Semi-Supervised Learning with Word2Vec

In most tutorials, Word2Vec is presented as a stand-alone neural net preprocessor for feature extraction. Word2Vec generates a vector for each word in the text corpora in higher-dimensional space such that words that share contextual meaning are located in close proximity to one another. To use Word2Vec for classification, each word can be replaced by its corresponding word vector and usually combined through a naive algorithm such as addition with normalization or cross product to get a sentence or text vector. Then, using these document vectors we could use a simple classifier for multi-label classification. The advantage of using Word2Vec over a simple BOW feature extraction technique is it supports semi-supervised learning, since the vocabulary from the labeled and unlabeled text can be used to generate the word vectors. This allows the words to have more contextual meaning. However, we have found that this approach does not appear to provide significant improvements over a BOW approach especially when there isn’t a lot of labeled data for training the classifier.
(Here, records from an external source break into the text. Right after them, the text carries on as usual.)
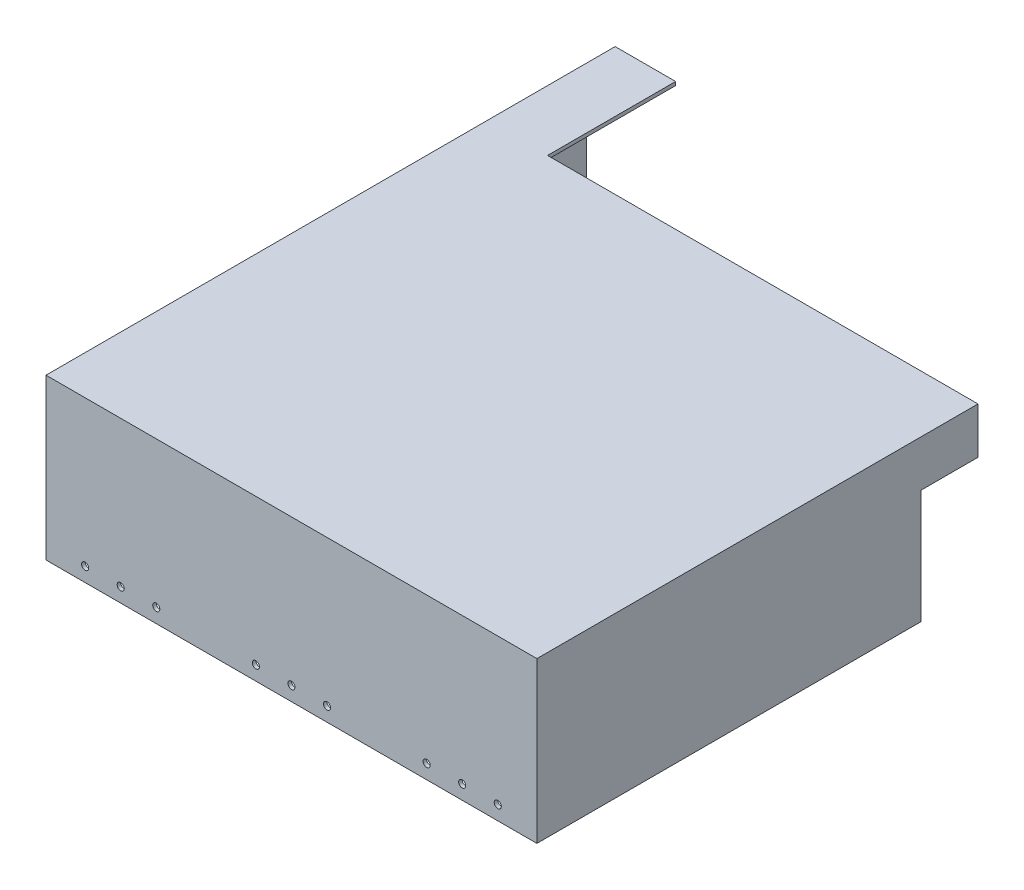
from build123d import *

# Parameters (mm, degrees)
BOSS_EXTRUDE1_DEPTH = 508
SKETCH2_W           = 438.15
SKETCH2_H           = 142.875
BOSS_EXTRUDE2_DEPTH = 3.175
SKETCH4_W           = 384.175
SKETCH4_H           = 114.3
CUT_EXTRUDE1_DEPTH  = 686.895537327
CUT_EXTRUDE2_REACH  = 687.896
SKETCH5_W           = 50.8
SKETCH5_H           = 101.6
CUT_EXTRUDE3_REACH  = 687.896
SKETCH6_W           = 28.575
SKETCH6_H           = 117.475
SKETCH7_R           = 3.175
CUT_EXTRUDE4_DEPTH  = 3.175


with BuildPart() as part:
    # Sketch1 → Boss-Extrude1 (new body)
    with BuildSketch(Plane.XY):
        Polygon((0, 0), (3.175, 0), (3.175, 139.7), (434.975, 139.7), (434.975, 0), (438.15, 0), (438.15, 142.875), (0, 142.875), align=None)
    extrude(amount=BOSS_EXTRUDE1_DEPTH)

    # Sketch2 → Boss-Extrude2 (add)
    with BuildSketch(Plane.XY.offset(508)):
        with Locations((219.075, 71.4375)):
            Rectangle(SKETCH2_W, SKETCH2_H)
    extrude(amount=-BOSS_EXTRUDE2_DEPTH)

    # Sketch4 → Cut-Extrude1 (cut, through all)
    with BuildSketch(Plane(origin=(0, 142.875, 0), x_dir=(1, 0, 0), z_dir=(0, 1, 0))):
        with Locations((246.0625, -57.15)):
            Rectangle(SKETCH4_W, SKETCH4_H)
    extrude(amount=-CUT_EXTRUDE1_DEPTH, mode=Mode.SUBTRACT)

    # Sketch5 → Cut-Extrude2 (cut, up to next)
    with BuildSketch(Plane(origin=(438.15, 0, 0), x_dir=(0, 0, -1), z_dir=(1, 0, 0)), mode=Mode.PRIVATE) as cut_extrude2_sk1:
        with Locations((-139.7, 50.8)):
            Rectangle(SKETCH5_W, SKETCH5_H)
    cut_extrude2_tool1 = extrude(cut_extrude2_sk1.sketch, amount=-CUT_EXTRUDE2_REACH, mode=Mode.PRIVATE) & part.part
    add(cut_extrude2_tool1.solids().sort_by_distance((438.15, 50.8, 139.7))[0], mode=Mode.SUBTRACT)

    # Sketch6 → Cut-Extrude3 (cut, up to next)
    with BuildSketch(Plane.ZY, mode=Mode.PRIVATE) as cut_extrude3_sk1:
        with Locations((14.2875, 58.7375)):
            Rectangle(SKETCH6_W, SKETCH6_H)
    cut_extrude3_tool1 = extrude(cut_extrude3_sk1.sketch, amount=-CUT_EXTRUDE3_REACH, mode=Mode.PRIVATE) & part.part
    add(cut_extrude3_tool1.solids().sort_by_distance((0, 58.7375, 14.2875))[0], mode=Mode.SUBTRACT)

    # Sketch7 → Cut-Extrude4 (cut)
    with BuildSketch(Plane.XY.offset(508)):
        with Locations((219.075, 12.7)):
            Circle(SKETCH7_R)
        with Locations((187.325, 12.7)):
            Circle(SKETCH7_R)
        with Locations((34.925, 12.7)):
            Circle(SKETCH7_R)
        with Locations((66.675, 12.7)):
            Circle(SKETCH7_R)
        with Locations((98.425, 12.7)):
            Circle(SKETCH7_R)
        with Locations((250.825, 12.7)):
            Circle(SKETCH7_R)
        with Locations((339.725, 12.7)):
            Circle(SKETCH7_R)
        with Locations((371.475, 12.7)):
            Circle(SKETCH7_R)
        with Locations((403.225, 12.7)):
            Circle(SKETCH7_R)
    extrude(amount=-CUT_EXTRUDE4_DEPTH, mode=Mode.SUBTRACT)


solid = part.part

Semantic Convolution for Low Support Topics

A common problem that is seen in multi-label text classification is a major imbalance of labels in a textual corpora. We often see cases where most (>60%) of the sampled data is about the most prevalent topic, and more than half the topic labels exist in <0.1% of the sampled data. Almost inherently with NLP and a BOW approach, this causes a p (number of features) >> n (size of training corpus) problem. Based on a general rules of thumb, getting 1,000 training examples for the low support topic would require millions of labeled training examples, which is prohibitively expensive.

In this world of ‘big data’ the data itself is actually cheap, but developing a tagged training set can be expensive. In the course of our development, we devised an elegant and scalable way to develop and maintain a robust training set across tens of industries (this will be the topic of a separate blog post).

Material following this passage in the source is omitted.